PRATT: So far this year, 41 S&P 500 companies have already trimmed their dividends by over $40 billion. That amount already exceeds last year's activity. For investors, many of whom are retirees, smaller dividend checks couldn't come at a worse time. But, with big business trying to take cover from the recession, the reason for the cuts is straight forward. Companies are looking to preserve money for now and perhaps the future.

SILVERBLATT: It's the year of the cash flow. Companies are very concerned about how much cash they have on hand and that they don't go and borrow. So, they're looking to cut and dividends now are OK to cut; it's acceptable. Your stock may actually go up.

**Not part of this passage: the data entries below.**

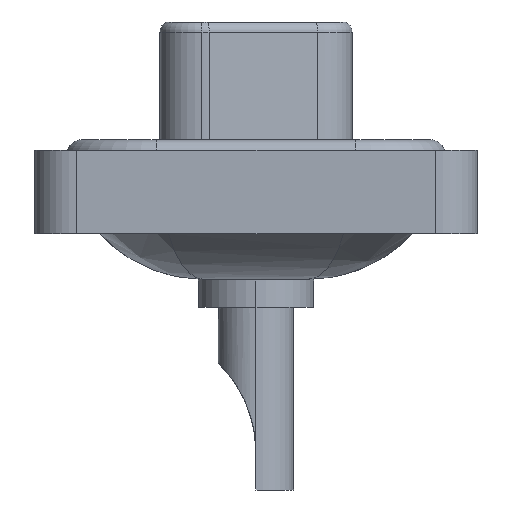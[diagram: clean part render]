
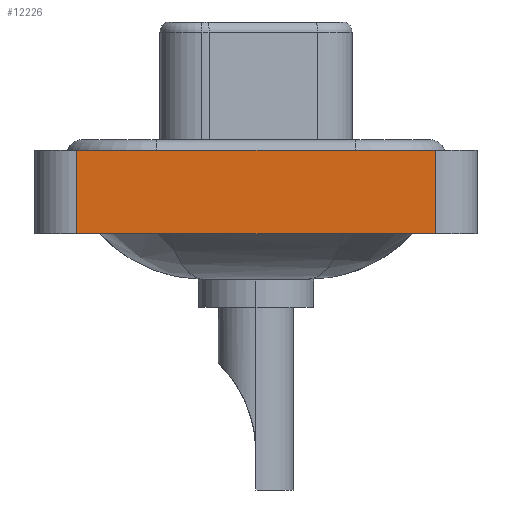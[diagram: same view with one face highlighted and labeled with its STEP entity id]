
A CAD part, left-side view. The second image highlights one B-rep face of the part: STEP entity #12226.
In plain terms, the highlighted planar face has unit normal (-1, 0, 0).
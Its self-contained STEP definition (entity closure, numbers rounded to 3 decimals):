
#129 = ORIENTED_EDGE ( 'NONE', *, *, #9771, .F. ) ;
#1575 = EDGE_CURVE ( 'NONE', #3981, #12554, #3032, .T. ) ;
#1768 = EDGE_CURVE ( 'NONE', #12554, #13979, #10423, .T. ) ;
#1896 = DIRECTION ( 'NONE',  ( 0., 0., 1. ) ) ;
#2036 = CARTESIAN_POINT ( 'NONE',  ( -7.25, -8.55, -3.6 ) ) ;
#2464 = LINE ( 'NONE', #2687, #4221 ) ;
#2687 = CARTESIAN_POINT ( 'NONE',  ( -7.25, 8.55, -3.6 ) ) ;
#2911 = CARTESIAN_POINT ( 'NONE',  ( -7.25, -8.55, 0.4 ) ) ;
#3032 = LINE ( 'NONE', #2036, #11063 ) ;
#3120 = FACE_OUTER_BOUND ( 'NONE', #12152, .T. ) ;
#3441 = VECTOR ( 'NONE', #7904, 1000. ) ;
#3981 = VERTEX_POINT ( 'NONE', #13717 ) ;
#4221 = VECTOR ( 'NONE', #8538, 1000. ) ;
#5342 = ORIENTED_EDGE ( 'NONE', *, *, #14014, .F. ) ;
#6295 = VERTEX_POINT ( 'NONE', #13873 ) ;
#7731 = DIRECTION ( 'NONE',  ( 0., -1., 0. ) ) ;
#7863 = VECTOR ( 'NONE', #12790, 1000. ) ;
#7904 = DIRECTION ( 'NONE',  ( 0., -1., 0. ) ) ;
#7971 = PLANE ( 'NONE',  #14066 ) ;
#7976 = ORIENTED_EDGE ( 'NONE', *, *, #1575, .T. ) ;
#7983 = CARTESIAN_POINT ( 'NONE',  ( -7.25, -8.55, 0.4 ) ) ;
#8106 = CARTESIAN_POINT ( 'NONE',  ( -7.25, -8.55, -3.6 ) ) ;
#8263 = CARTESIAN_POINT ( 'NONE',  ( -7.25, -8.55, -3.6 ) ) ;
#8538 = DIRECTION ( 'NONE',  ( 0., 0., 1. ) ) ;
#9662 = ORIENTED_EDGE ( 'NONE', *, *, #1768, .T. ) ;
#9771 = EDGE_CURVE ( 'NONE', #3981, #6295, #2464, .T. ) ;
#10423 = LINE ( 'NONE', #8106, #7863 ) ;
#11063 = VECTOR ( 'NONE', #7731, 1000. ) ;
#11442 = LINE ( 'NONE', #7983, #3441 ) ;
#12152 = EDGE_LOOP ( 'NONE', ( #9662, #5342, #129, #7976 ) ) ;
#12226 = ADVANCED_FACE ( 'NONE', ( #3120 ), #7971, .T. ) ;
#12430 = CARTESIAN_POINT ( 'NONE',  ( -7.25, -8.55, -3.6 ) ) ;
#12554 = VERTEX_POINT ( 'NONE', #8263 ) ;
#12790 = DIRECTION ( 'NONE',  ( 0., 0., 1. ) ) ;
#13717 = CARTESIAN_POINT ( 'NONE',  ( -7.25, 8.55, -3.6 ) ) ;
#13873 = CARTESIAN_POINT ( 'NONE',  ( -7.25, 8.55, 0.4 ) ) ;
#13979 = VERTEX_POINT ( 'NONE', #2911 ) ;
#14014 = EDGE_CURVE ( 'NONE', #6295, #13979, #11442, .T. ) ;
#14066 = AXIS2_PLACEMENT_3D ( 'NONE', #12430, #14667, #1896 ) ;
#14667 = DIRECTION ( 'NONE',  ( -1., 0., 0. ) ) ;
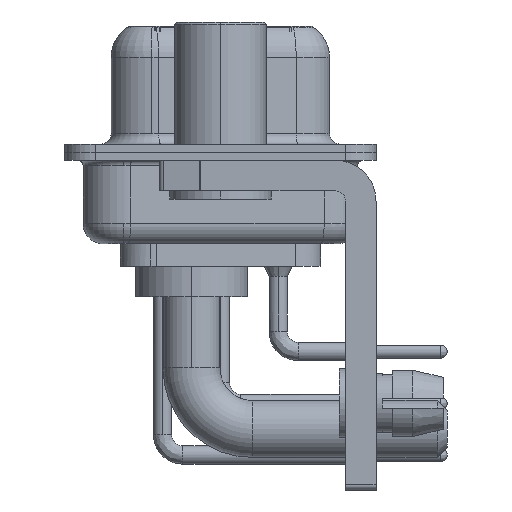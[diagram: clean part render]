
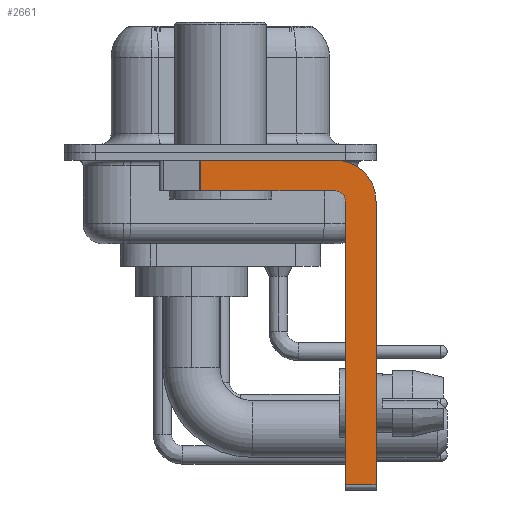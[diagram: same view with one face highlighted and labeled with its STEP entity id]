
A CAD part, left-side view. The second image highlights one B-rep face of the part: STEP entity #2661.
In plain terms, the highlighted planar face has unit normal (-1, 0, 0).
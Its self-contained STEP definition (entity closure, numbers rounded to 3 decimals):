
#328 = DIRECTION ( 'NONE',  ( 0., 0., 1. ) ) ;
#1077 = DIRECTION ( 'NONE',  ( 0., 0., -1. ) ) ;
#2661 = ADVANCED_FACE ( 'NONE', ( #25918 ), #14523, .F. ) ;
#3653 = CARTESIAN_POINT ( 'NONE',  ( -2.9, 0.978, -1.9 ) ) ;
#3929 = LINE ( 'NONE', #18353, #4740 ) ;
#4740 = VECTOR ( 'NONE', #15506, 1000. ) ;
#7012 = DIRECTION ( 'NONE',  ( 0., -1., 0. ) ) ;
#7052 = VECTOR ( 'NONE', #35822, 1000. ) ;
#7256 = ORIENTED_EDGE ( 'NONE', *, *, #14449, .F. ) ;
#9003 = DIRECTION ( 'NONE',  ( 0., 0., -1. ) ) ;
#9486 = LINE ( 'NONE', #12355, #35711 ) ;
#9985 = EDGE_CURVE ( 'NONE', #23545, #20023, #10282, .T. ) ;
#10282 = LINE ( 'NONE', #21684, #20765 ) ;
#10580 = EDGE_CURVE ( 'NONE', #32188, #28556, #14716, .T. ) ;
#11738 = CARTESIAN_POINT ( 'NONE',  ( -2.9, -5.65, -2.4 ) ) ;
#12033 = LINE ( 'NONE', #32695, #30170 ) ;
#12294 = CIRCLE ( 'NONE', #35281, 0.5 ) ;
#12355 = CARTESIAN_POINT ( 'NONE',  ( -2.9, 3., -0.4 ) ) ;
#12697 = CARTESIAN_POINT ( 'NONE',  ( -2.9, -7.65, -2.4 ) ) ;
#14449 = EDGE_CURVE ( 'NONE', #37236, #28556, #30533, .T. ) ;
#14523 = PLANE ( 'NONE',  #25991 ) ;
#14716 = LINE ( 'NONE', #29139, #34094 ) ;
#15506 = DIRECTION ( 'NONE',  ( 0., 0., 1. ) ) ;
#16165 = CARTESIAN_POINT ( 'NONE',  ( -2.9, -5.65, -1.9 ) ) ;
#17013 = CARTESIAN_POINT ( 'NONE',  ( -2.9, -7.65, -16.35 ) ) ;
#18079 = CARTESIAN_POINT ( 'NONE',  ( -2.9, -5.65, -0.4 ) ) ;
#18353 = CARTESIAN_POINT ( 'NONE',  ( -2.9, -6.15, -16.6 ) ) ;
#18918 = EDGE_CURVE ( 'NONE', #32188, #22115, #9486, .T. ) ;
#20023 = VERTEX_POINT ( 'NONE', #17013 ) ;
#20176 = CIRCLE ( 'NONE', #20773, 2. ) ;
#20765 = VECTOR ( 'NONE', #25089, 1000. ) ;
#20773 = AXIS2_PLACEMENT_3D ( 'NONE', #36179, #30887, #1077 ) ;
#21107 = VERTEX_POINT ( 'NONE', #37007 ) ;
#21684 = CARTESIAN_POINT ( 'NONE',  ( -2.9, -7.65, -2.4 ) ) ;
#22115 = VERTEX_POINT ( 'NONE', #18079 ) ;
#22425 = ORIENTED_EDGE ( 'NONE', *, *, #10580, .T. ) ;
#22815 = CARTESIAN_POINT ( 'NONE',  ( -2.9, 0.978, -0.4 ) ) ;
#23545 = VERTEX_POINT ( 'NONE', #12697 ) ;
#23878 = DIRECTION ( 'NONE',  ( -1., 0., 0. ) ) ;
#24162 = ORIENTED_EDGE ( 'NONE', *, *, #9985, .F. ) ;
#24557 = EDGE_LOOP ( 'NONE', ( #30759, #22425, #7256, #26194, #28891, #36277, #24162, #29711 ) ) ;
#25089 = DIRECTION ( 'NONE',  ( 0., 0., -1. ) ) ;
#25612 = EDGE_CURVE ( 'NONE', #36340, #20023, #12033, .T. ) ;
#25739 = DIRECTION ( 'NONE',  ( 1., 0., 0. ) ) ;
#25918 = FACE_OUTER_BOUND ( 'NONE', #24557, .T. ) ;
#25991 = AXIS2_PLACEMENT_3D ( 'NONE', #31780, #25739, #9003 ) ;
#26194 = ORIENTED_EDGE ( 'NONE', *, *, #30999, .F. ) ;
#27087 = EDGE_CURVE ( 'NONE', #36340, #21107, #3929, .T. ) ;
#28556 = VERTEX_POINT ( 'NONE', #3653 ) ;
#28891 = ORIENTED_EDGE ( 'NONE', *, *, #27087, .F. ) ;
#29139 = CARTESIAN_POINT ( 'NONE',  ( -2.9, 0.978, -1.9 ) ) ;
#29711 = ORIENTED_EDGE ( 'NONE', *, *, #31203, .F. ) ;
#30170 = VECTOR ( 'NONE', #35346, 1000. ) ;
#30533 = LINE ( 'NONE', #35635, #7052 ) ;
#30759 = ORIENTED_EDGE ( 'NONE', *, *, #18918, .F. ) ;
#30887 = DIRECTION ( 'NONE',  ( 1., 0., 0. ) ) ;
#30999 = EDGE_CURVE ( 'NONE', #21107, #37236, #12294, .T. ) ;
#31203 = EDGE_CURVE ( 'NONE', #22115, #23545, #20176, .T. ) ;
#31780 = CARTESIAN_POINT ( 'NONE',  ( -2.9, -5.65, -2.4 ) ) ;
#32188 = VERTEX_POINT ( 'NONE', #22815 ) ;
#32695 = CARTESIAN_POINT ( 'NONE',  ( -2.9, -5.65, -16.35 ) ) ;
#34037 = CARTESIAN_POINT ( 'NONE',  ( -2.9, -6.15, -16.35 ) ) ;
#34094 = VECTOR ( 'NONE', #34806, 1000. ) ;
#34806 = DIRECTION ( 'NONE',  ( 0., 0., -1. ) ) ;
#35281 = AXIS2_PLACEMENT_3D ( 'NONE', #11738, #23878, #328 ) ;
#35346 = DIRECTION ( 'NONE',  ( 0., -1., 0. ) ) ;
#35635 = CARTESIAN_POINT ( 'NONE',  ( -2.9, -5.65, -1.9 ) ) ;
#35711 = VECTOR ( 'NONE', #7012, 1000. ) ;
#35822 = DIRECTION ( 'NONE',  ( 0., 1., 0. ) ) ;
#36179 = CARTESIAN_POINT ( 'NONE',  ( -2.9, -5.65, -2.4 ) ) ;
#36277 = ORIENTED_EDGE ( 'NONE', *, *, #25612, .T. ) ;
#36340 = VERTEX_POINT ( 'NONE', #34037 ) ;
#37007 = CARTESIAN_POINT ( 'NONE',  ( -2.9, -6.15, -2.4 ) ) ;
#37236 = VERTEX_POINT ( 'NONE', #16165 ) ;
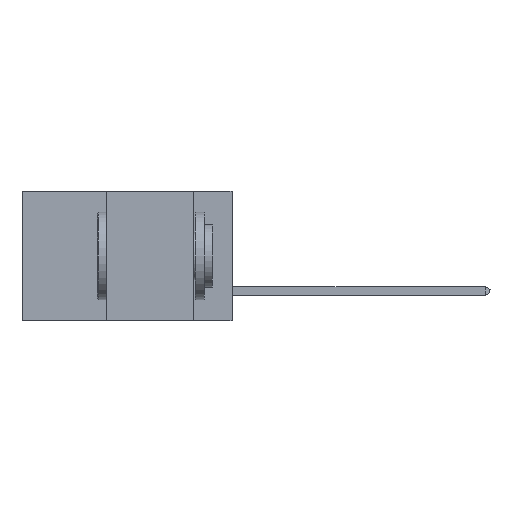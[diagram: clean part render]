
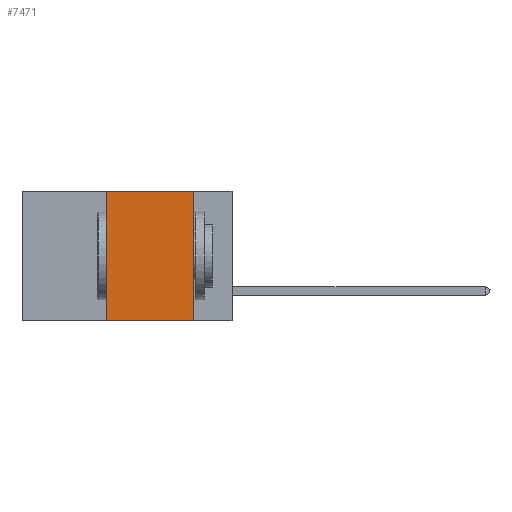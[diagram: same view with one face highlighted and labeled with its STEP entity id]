
A CAD part, left-side view. The second image highlights one B-rep face of the part: STEP entity #7471.
In plain terms, the highlighted planar face has unit normal (-1, 0, 0).
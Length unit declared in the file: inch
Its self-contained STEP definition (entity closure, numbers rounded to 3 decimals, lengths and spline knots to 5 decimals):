
#94 = CARTESIAN_POINT ( 'NONE',  ( 0., 0.6, 0. ) ) ;
#474 = ORIENTED_EDGE ( 'NONE', *, *, #5466, .T. ) ;
#710 = EDGE_CURVE ( 'NONE', #5684, #2055, #7361, .T. ) ;
#1129 = DIRECTION ( 'NONE',  ( 0., -1., 0. ) ) ;
#1143 = EDGE_CURVE ( 'NONE', #8095, #5684, #4233, .T. ) ;
#1318 = CARTESIAN_POINT ( 'NONE',  ( 0., 0.36, -0.37 ) ) ;
#1375 = VECTOR ( 'NONE', #1129, 39.37008 ) ;
#1401 = ORIENTED_EDGE ( 'NONE', *, *, #9155, .F. ) ;
#1559 = DIRECTION ( 'NONE',  ( 0., 0., 1. ) ) ;
#1655 = VECTOR ( 'NONE', #2508, 39.37008 ) ;
#1798 = CARTESIAN_POINT ( 'NONE',  ( 0., 0.11, 0. ) ) ;
#2055 = VERTEX_POINT ( 'NONE', #9015 ) ;
#2388 = LINE ( 'NONE', #1798, #1655 ) ;
#2508 = DIRECTION ( 'NONE',  ( 0., 0., -1. ) ) ;
#2692 = DIRECTION ( 'NONE',  ( 0., -1., 0. ) ) ;
#3311 = DIRECTION ( 'NONE',  ( 0., 0., -1. ) ) ;
#3471 = CARTESIAN_POINT ( 'NONE',  ( 0., 0.6, -0.37 ) ) ;
#3905 = CARTESIAN_POINT ( 'NONE',  ( 0., 0.36, 0. ) ) ;
#4123 = AXIS2_PLACEMENT_3D ( 'NONE', #94, #7894, #3311 ) ;
#4233 = LINE ( 'NONE', #3905, #5431 ) ;
#5217 = PLANE ( 'NONE',  #4123 ) ;
#5276 = VERTEX_POINT ( 'NONE', #6452 ) ;
#5431 = VECTOR ( 'NONE', #1559, 39.37008 ) ;
#5466 = EDGE_CURVE ( 'NONE', #8095, #5276, #5836, .T. ) ;
#5684 = VERTEX_POINT ( 'NONE', #6050 ) ;
#5836 = LINE ( 'NONE', #3471, #1375 ) ;
#6050 = CARTESIAN_POINT ( 'NONE',  ( 0., 0.36, 0. ) ) ;
#6189 = ORIENTED_EDGE ( 'NONE', *, *, #710, .F. ) ;
#6452 = CARTESIAN_POINT ( 'NONE',  ( 0., 0.11, -0.37 ) ) ;
#7208 = ORIENTED_EDGE ( 'NONE', *, *, #1143, .F. ) ;
#7361 = LINE ( 'NONE', #9570, #8808 ) ;
#7471 = ADVANCED_FACE ( 'NONE', ( #7613 ), #5217, .F. ) ;
#7613 = FACE_OUTER_BOUND ( 'NONE', #8691, .T. ) ;
#7894 = DIRECTION ( 'NONE',  ( 1., 0., 0. ) ) ;
#8095 = VERTEX_POINT ( 'NONE', #1318 ) ;
#8691 = EDGE_LOOP ( 'NONE', ( #1401, #6189, #7208, #474 ) ) ;
#8808 = VECTOR ( 'NONE', #2692, 39.37008 ) ;
#9015 = CARTESIAN_POINT ( 'NONE',  ( 0., 0.11, 0. ) ) ;
#9155 = EDGE_CURVE ( 'NONE', #2055, #5276, #2388, .T. ) ;
#9570 = CARTESIAN_POINT ( 'NONE',  ( 0., 0.6, 0. ) ) ;
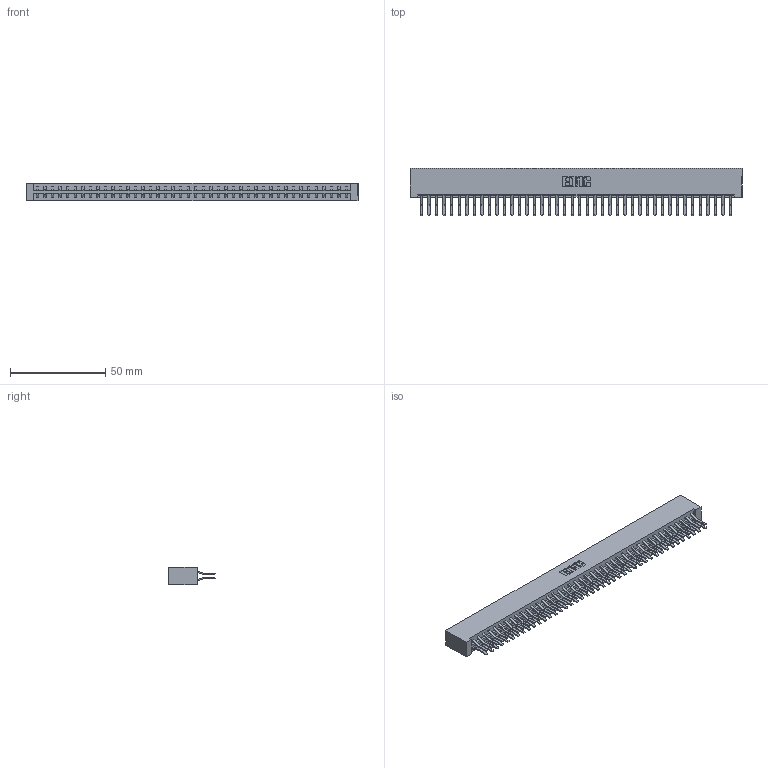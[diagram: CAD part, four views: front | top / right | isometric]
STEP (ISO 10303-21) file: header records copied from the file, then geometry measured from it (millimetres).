
FILE_DESCRIPTION (( 'STEP AP203' ), '1' );
FILE_NAME ('833-084-560-201.STEP', '2020-06-06T02:26:46', ( '' ), ( '' ), 'SwSTEP 2.0', 'SolidWorks 2020', '' );
FILE_SCHEMA (( 'CONFIG_CONTROL_DESIGN' ));
Length unit declared in the file: inch
Products named in the file (3): 345-292-001_560 Tail; 833 Part_Lugless; 833-084-560-201
Assembly tree (85 placements, depth 2):
  833-084-560-201
    833 Part_Lugless
    345-292-001_560 Tail  x84
Bounding box: 174.68 x 24.78 x 9.4 mm (x, y, z)
Volume: 19016.2 mm3; surface area: 24076.9 mm2
Topology: 85 solids, 85 shells, 4642 faces, 13811 edges, 9094 vertices
Faces by surface type: plane 3090, cylinder 1552
Entity records: 26831 total; most frequent: CARTESIAN_POINT 4446, ORIENTED_EDGE 4382, DIRECTION 3795, EDGE_CURVE 2191, LINE 2067, VECTOR 2067, VERTEX_POINT 1458, AXIS2_PLACEMENT_3D 864

PRATT: The recent cuts have caused many people to question dividend investing. Some experts say in the current environment, the highest yielding stocks are a potential minefield as those dividends are at risk. Still, UBS market strategist Mike Ryan says buying stocks today for yield is a great idea as long as investors do their homework and search out healthy companies in a range of industries.

MIKE RYAN, CHIEF INVESTMENT STRATEGIST, UBS WEALTH MANAGEMENT: What we want to emphasize now is an environment where you have more volatility, where the market is certainly less secure in terms of its capital gain opportunities. Those companies that have the ability to not only sustain but grow dividends are actually where you want to be focusing right now.

PRATT: Experts predict companies will continue to slash dividends in the coming months. And even when the economy ultimately rebounds, they expect the firms will take their time in restoring quarterly payments. Suzanne Pratt, NIGHTLY BUSINESS REPORT, New York.